Weingarten's own mother refused to go into a clinic during the COVID-19 pandemic out of fear of contracting the coronavirus.
"I was unsuccessful in finding a physician who would see her in her home," he said.
Welcome's clinicians will have experience providing care to older adults, including addressing common features of senior care like dementia, falls, frailty, polypharmacy and loneliness.
The practice has hired three full-time physicians—two geriatricians and an internist—and will also have nurses, nurse practitioners, social workers, pharmacists and community health workers. Dr. Deena Goldwater will serve as Welcome's vice president of care delivery and chief science officer. Goldwater joins Welcome from the VA of Greater Los Angeles and the David Geffen School of Medicine at UCLA, where Goldwater was an assistant clinical professor of cardiovascular and geriatric medicine.
Welcome will start seeing patients in March 2022. In addition to in-home and virtual care, it will have one physical clinic initially and expand from there, as focus groups showed some seniors still prefer in-person care.
Welcome joins a rapidly growing list of providers focused on the Medicare Advantage market. The number of medical clinics targeting chronically ill seniors has grown rapidly in recent years, including by operators like ChenMed, Oak Street Health and Partners in Primary Care.
Such arrangements typically involve the providers taking full financial risk for Medicare Advantage members' care in return for fixed monthly payments based on the patients' health status.
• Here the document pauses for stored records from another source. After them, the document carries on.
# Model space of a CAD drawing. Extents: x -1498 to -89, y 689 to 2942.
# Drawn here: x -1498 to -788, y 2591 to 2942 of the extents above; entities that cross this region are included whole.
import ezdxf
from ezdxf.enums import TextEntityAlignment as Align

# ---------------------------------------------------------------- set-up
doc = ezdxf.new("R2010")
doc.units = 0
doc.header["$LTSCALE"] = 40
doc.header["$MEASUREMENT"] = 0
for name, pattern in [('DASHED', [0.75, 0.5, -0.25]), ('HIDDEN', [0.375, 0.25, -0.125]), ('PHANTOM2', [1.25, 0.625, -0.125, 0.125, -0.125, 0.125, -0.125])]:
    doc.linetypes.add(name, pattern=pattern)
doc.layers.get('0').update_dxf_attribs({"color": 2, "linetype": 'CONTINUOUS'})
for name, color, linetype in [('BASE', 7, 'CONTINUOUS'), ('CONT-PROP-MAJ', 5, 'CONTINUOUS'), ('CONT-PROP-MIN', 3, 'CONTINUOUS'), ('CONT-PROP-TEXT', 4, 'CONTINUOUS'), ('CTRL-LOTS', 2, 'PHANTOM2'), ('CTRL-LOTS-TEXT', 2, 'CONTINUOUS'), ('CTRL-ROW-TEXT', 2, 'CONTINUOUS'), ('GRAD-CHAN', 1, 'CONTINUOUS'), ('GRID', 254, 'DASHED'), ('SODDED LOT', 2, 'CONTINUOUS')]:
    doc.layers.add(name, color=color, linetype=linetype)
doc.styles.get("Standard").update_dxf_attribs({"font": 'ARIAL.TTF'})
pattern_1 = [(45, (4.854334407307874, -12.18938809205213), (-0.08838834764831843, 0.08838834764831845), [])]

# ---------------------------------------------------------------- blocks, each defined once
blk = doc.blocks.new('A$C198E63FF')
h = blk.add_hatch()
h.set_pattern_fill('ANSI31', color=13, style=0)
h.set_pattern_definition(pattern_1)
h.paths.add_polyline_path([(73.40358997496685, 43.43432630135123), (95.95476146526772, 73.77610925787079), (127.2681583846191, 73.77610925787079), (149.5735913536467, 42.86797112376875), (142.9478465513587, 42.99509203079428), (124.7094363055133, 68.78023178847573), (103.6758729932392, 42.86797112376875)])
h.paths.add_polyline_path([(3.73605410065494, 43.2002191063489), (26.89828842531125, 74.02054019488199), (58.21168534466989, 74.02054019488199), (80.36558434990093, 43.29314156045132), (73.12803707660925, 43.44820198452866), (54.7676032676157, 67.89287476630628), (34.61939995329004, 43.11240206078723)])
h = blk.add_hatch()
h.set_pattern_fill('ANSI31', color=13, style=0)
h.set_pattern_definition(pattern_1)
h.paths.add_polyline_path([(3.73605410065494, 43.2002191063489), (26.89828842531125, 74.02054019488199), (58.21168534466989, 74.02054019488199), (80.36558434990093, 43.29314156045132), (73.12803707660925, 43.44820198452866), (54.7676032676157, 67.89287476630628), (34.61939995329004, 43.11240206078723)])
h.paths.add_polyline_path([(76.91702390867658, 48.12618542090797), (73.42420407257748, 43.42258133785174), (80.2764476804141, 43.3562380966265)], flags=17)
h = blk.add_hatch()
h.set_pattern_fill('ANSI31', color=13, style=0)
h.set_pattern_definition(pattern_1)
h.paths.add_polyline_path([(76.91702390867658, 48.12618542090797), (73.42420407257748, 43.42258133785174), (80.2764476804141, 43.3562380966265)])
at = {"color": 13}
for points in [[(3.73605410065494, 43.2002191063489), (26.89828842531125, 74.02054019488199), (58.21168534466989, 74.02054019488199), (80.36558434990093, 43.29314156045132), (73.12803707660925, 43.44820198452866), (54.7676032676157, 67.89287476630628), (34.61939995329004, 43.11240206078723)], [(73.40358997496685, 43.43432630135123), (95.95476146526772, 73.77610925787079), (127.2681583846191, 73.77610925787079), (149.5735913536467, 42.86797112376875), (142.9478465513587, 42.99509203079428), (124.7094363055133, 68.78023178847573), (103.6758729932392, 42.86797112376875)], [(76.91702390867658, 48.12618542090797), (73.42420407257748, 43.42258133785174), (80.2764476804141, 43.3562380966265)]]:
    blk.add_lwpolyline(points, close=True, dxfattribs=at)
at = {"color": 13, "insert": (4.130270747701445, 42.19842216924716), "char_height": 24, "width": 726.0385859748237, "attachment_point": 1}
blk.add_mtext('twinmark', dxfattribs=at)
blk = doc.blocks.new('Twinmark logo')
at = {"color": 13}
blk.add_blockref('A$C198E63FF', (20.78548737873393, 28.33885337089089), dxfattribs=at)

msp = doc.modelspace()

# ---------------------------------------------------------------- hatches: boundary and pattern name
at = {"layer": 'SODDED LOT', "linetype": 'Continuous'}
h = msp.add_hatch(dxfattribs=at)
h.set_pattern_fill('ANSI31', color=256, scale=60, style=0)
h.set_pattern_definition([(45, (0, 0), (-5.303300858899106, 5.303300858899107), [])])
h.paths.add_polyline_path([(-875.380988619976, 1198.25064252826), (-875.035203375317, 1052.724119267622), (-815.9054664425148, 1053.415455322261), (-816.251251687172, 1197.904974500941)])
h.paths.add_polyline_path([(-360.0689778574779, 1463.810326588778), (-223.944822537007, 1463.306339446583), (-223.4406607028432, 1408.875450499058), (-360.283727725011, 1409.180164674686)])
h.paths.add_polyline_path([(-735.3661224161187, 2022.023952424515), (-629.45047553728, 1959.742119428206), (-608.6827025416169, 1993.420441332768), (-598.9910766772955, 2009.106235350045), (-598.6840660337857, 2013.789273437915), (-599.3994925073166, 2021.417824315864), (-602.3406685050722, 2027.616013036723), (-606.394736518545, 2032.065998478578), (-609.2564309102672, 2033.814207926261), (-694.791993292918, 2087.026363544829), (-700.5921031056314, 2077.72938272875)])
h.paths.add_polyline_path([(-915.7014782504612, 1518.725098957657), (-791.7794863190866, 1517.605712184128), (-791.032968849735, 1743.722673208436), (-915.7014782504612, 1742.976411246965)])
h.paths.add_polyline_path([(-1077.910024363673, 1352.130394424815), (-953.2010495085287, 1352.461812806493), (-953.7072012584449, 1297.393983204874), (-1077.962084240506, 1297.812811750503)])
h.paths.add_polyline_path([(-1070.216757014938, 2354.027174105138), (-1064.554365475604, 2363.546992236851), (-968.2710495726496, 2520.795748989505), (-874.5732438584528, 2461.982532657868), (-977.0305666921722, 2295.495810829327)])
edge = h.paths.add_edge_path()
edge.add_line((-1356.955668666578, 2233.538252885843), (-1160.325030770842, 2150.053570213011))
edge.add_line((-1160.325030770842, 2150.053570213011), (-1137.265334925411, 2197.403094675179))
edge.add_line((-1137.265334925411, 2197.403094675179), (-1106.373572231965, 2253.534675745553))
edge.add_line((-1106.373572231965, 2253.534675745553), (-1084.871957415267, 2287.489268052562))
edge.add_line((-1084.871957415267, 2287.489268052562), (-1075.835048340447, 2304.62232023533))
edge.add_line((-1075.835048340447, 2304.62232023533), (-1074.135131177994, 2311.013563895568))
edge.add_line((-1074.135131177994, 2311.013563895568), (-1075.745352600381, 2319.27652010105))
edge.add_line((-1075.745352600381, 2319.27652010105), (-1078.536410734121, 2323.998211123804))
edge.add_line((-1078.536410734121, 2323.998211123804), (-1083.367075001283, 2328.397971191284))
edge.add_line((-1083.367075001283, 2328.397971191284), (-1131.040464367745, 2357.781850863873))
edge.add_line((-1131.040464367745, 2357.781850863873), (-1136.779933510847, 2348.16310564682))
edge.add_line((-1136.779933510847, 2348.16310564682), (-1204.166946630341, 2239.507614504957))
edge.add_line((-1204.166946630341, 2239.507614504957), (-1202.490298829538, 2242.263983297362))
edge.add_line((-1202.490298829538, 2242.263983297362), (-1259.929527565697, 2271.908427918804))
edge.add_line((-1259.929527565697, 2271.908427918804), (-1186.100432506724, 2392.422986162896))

The privatized form of Medicare costs the government more than traditional, fee-for-service Medicare, and a recent Commonwealth Fund study found Medicare Advantage doesn't reduce the frequency of hospital and emergency department visits compared with traditional Medicare enrollment. Researchers also noted that people enrolled in both programs had comparable rates of chronic conditions.
Weingarten declined to say how many patients it expects Welcome to see, but he said the company created five-year projections based on comparable Medicare Advantage-focused providers like Oak Street Health, Iora Health and CareMax.
In launching Welcome, SCAN Group will be more akin to Alignment Healthcare and Bright Health, Medicare Advantage plans that also employ providers. SCAN Health Plan is a Medicare Advantage plan with 220,000 members in California, Arizona and Nevada. The plan will serve as Welcome's "anchor client," but plan members will still be able to choose where they get care, Weingarten said.
"If Welcome Health delivers better quality care at an affordable cost and a better experience, some SCAN members will choose Welcome Health," he said. "If we don't, then SCAN members will choose from a list of many other medical groups and (independent practice associations) in the communities that we serve."